Reaction in Mongolia. If CHALCO\'s bid for a controlling stake in SGQ is successful, it would represent the largest foray by the major Chinese state-owned company into Mongolia. Other recent investments by Chinese SOEs include CNPC\'s extensive involvement in the oil exploration in the eastern Mongolia and the acquisition of Western Prospector, a uranium exploration company by China National Nuclear Corporation. The risk of the Mongolian authorities blocking the deal is low as Rio Tinto and Ivanhoe may have conducted consultations in advance. Moreover, the last year Chinalco signed US$250m off-take agreement with Erdenes Tavan Talgoi, the Mongolian state-owned company. However, the takeover of significant Mongolian coal producer by the Chinese company may still passionately play out during the election campaigning in coming weeks.

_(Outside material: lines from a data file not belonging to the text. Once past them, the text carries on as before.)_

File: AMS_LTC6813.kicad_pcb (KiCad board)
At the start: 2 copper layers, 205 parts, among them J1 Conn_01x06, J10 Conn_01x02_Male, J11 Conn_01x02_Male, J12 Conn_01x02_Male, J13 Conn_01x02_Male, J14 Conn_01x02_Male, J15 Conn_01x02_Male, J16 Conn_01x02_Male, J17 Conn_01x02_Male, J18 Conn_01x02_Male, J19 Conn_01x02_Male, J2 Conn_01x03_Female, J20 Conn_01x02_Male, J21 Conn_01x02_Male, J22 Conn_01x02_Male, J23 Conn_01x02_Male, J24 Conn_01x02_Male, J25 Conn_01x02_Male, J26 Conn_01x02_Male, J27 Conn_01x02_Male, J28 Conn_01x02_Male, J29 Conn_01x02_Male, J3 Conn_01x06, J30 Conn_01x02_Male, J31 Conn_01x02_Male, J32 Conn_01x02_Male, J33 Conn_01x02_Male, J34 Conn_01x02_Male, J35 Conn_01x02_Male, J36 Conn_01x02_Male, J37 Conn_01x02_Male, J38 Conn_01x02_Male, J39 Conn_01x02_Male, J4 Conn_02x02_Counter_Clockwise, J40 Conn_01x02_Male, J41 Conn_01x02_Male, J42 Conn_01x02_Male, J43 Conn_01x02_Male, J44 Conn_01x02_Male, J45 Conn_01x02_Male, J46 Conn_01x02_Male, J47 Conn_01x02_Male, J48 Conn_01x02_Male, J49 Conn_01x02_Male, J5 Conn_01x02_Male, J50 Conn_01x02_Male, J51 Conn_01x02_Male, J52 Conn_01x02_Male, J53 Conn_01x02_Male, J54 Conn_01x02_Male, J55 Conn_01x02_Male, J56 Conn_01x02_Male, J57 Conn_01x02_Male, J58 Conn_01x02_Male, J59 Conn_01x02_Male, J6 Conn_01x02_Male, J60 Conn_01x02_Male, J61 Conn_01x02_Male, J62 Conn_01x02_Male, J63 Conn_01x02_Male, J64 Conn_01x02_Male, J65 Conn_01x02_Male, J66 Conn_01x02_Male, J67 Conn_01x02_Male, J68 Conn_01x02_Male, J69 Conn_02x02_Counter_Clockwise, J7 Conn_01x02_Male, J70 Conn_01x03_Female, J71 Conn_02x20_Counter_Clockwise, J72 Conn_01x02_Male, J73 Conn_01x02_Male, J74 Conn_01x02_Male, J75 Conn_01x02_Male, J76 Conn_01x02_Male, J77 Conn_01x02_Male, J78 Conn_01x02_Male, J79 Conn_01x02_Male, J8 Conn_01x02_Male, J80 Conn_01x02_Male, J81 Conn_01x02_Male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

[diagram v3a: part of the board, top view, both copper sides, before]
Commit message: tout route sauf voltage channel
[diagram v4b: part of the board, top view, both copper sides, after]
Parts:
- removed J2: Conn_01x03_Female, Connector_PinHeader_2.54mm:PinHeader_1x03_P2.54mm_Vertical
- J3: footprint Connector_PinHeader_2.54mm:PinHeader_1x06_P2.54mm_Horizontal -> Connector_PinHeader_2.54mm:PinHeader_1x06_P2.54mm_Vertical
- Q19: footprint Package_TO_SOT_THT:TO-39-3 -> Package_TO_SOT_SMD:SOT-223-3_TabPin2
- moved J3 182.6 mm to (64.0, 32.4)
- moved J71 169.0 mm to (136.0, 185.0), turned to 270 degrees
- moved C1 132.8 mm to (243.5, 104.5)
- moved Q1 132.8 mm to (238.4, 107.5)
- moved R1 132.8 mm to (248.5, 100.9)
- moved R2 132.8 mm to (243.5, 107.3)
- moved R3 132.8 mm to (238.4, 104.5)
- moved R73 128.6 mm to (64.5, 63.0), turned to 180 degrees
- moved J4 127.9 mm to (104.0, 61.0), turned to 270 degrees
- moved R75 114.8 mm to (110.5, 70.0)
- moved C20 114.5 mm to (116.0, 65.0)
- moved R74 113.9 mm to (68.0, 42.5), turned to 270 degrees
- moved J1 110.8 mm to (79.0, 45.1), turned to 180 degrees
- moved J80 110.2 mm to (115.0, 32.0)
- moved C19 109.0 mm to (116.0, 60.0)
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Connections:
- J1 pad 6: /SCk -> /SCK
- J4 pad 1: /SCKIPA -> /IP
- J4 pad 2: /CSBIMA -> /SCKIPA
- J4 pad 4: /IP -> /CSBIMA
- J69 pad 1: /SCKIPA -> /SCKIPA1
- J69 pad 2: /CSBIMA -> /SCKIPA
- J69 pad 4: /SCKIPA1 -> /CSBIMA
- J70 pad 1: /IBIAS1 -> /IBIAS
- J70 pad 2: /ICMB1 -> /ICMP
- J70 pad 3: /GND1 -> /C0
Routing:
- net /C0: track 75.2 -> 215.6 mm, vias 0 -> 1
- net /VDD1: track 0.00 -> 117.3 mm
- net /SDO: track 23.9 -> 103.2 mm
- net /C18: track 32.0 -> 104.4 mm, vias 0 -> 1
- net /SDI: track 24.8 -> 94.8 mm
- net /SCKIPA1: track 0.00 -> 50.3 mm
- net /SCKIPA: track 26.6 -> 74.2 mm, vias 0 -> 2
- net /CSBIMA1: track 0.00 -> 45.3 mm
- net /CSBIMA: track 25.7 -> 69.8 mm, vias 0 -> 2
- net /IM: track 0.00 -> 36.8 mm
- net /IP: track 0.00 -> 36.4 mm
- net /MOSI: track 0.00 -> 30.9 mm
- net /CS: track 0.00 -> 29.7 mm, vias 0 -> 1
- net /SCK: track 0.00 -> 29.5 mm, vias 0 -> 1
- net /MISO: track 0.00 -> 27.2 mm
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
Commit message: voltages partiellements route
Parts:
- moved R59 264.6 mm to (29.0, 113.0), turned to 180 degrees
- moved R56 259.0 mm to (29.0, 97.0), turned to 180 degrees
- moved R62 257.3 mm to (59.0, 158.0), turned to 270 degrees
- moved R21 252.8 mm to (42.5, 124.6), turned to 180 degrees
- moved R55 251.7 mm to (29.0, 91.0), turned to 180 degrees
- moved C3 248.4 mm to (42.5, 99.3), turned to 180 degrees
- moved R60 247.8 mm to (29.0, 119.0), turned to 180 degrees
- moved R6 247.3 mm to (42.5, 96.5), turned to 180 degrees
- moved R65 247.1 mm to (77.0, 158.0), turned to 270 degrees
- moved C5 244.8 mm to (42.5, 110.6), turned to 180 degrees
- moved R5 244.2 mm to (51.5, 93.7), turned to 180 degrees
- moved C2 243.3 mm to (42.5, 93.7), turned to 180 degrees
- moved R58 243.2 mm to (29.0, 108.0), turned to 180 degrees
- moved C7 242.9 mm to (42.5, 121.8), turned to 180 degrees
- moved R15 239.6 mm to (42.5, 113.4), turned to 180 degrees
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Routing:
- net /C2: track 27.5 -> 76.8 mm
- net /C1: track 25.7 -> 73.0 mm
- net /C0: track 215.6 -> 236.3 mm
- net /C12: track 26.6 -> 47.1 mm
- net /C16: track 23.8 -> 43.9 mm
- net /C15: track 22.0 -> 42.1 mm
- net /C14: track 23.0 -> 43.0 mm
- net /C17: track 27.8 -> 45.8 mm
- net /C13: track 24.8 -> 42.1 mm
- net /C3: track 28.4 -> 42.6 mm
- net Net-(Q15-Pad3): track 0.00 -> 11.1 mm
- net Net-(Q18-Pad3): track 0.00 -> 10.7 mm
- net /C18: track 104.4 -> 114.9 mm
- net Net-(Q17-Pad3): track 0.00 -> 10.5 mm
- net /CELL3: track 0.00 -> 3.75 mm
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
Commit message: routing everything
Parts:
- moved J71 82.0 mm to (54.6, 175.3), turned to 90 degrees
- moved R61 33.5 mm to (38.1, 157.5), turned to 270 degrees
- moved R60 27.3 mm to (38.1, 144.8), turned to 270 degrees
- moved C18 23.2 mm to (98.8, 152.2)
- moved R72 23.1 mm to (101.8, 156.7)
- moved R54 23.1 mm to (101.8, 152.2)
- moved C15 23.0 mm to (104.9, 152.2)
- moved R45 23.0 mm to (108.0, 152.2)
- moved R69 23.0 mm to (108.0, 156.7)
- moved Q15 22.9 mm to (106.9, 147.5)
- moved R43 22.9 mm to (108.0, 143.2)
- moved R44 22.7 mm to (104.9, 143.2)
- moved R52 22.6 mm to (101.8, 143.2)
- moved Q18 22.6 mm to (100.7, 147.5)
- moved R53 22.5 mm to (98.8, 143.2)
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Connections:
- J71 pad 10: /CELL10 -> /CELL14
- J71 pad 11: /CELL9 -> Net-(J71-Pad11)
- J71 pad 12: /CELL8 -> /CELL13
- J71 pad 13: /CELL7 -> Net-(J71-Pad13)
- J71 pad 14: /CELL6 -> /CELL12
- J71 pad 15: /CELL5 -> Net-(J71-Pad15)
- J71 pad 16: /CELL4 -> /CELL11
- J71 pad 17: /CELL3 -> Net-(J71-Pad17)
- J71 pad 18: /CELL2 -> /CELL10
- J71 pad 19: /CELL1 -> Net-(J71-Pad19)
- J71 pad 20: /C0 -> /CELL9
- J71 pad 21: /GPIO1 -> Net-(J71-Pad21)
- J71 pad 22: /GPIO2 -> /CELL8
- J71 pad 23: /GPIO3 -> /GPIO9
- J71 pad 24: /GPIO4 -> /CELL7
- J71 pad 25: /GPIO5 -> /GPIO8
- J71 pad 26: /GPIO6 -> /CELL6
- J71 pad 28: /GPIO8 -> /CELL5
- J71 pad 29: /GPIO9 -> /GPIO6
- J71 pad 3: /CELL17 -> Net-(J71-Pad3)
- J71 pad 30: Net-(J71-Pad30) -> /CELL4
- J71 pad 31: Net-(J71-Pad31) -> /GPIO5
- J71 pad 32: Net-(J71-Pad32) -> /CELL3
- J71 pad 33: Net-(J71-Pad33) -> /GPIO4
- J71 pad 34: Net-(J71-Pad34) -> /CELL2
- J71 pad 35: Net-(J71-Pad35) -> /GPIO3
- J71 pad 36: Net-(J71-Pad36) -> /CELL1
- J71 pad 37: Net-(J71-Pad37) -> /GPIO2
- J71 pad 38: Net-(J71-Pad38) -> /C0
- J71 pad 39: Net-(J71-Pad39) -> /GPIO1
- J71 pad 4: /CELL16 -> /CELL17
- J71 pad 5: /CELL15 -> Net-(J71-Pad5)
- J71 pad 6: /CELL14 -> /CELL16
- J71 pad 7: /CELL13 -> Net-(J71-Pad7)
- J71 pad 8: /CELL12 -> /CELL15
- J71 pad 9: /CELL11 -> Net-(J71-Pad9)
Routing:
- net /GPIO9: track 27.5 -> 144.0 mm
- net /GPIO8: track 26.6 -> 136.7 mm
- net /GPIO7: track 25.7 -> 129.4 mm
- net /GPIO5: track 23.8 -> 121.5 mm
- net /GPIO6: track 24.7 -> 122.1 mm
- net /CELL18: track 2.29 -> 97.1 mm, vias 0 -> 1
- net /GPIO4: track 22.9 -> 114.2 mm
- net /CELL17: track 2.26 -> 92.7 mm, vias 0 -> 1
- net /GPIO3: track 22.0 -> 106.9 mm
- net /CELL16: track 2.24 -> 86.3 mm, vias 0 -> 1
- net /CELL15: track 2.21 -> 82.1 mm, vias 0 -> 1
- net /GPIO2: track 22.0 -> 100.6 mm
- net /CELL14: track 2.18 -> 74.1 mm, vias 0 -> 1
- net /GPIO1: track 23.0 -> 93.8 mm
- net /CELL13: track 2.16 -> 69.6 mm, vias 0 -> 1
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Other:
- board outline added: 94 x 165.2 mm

M&A driven value. This SGQ/CHALCO deal and others including US$500mn takeover of Hunnu Coal by Banpu are in line with our long held view articulated in Mergers & Acquisitions note on September 13, 2011 Mongolia Coal Companies Targeted in M&A Deals that Mongolian coal assets will be attracting increasing interest of strategic investors. Strong outlook for international commodity prices, proximity to China and attractive valuations make Mongolian assets lucrative to global and regional players. We expect strategic investors, including resource and energy companies, steel-makers and commodities traders to capitalize on investment opportunities in Mongolia.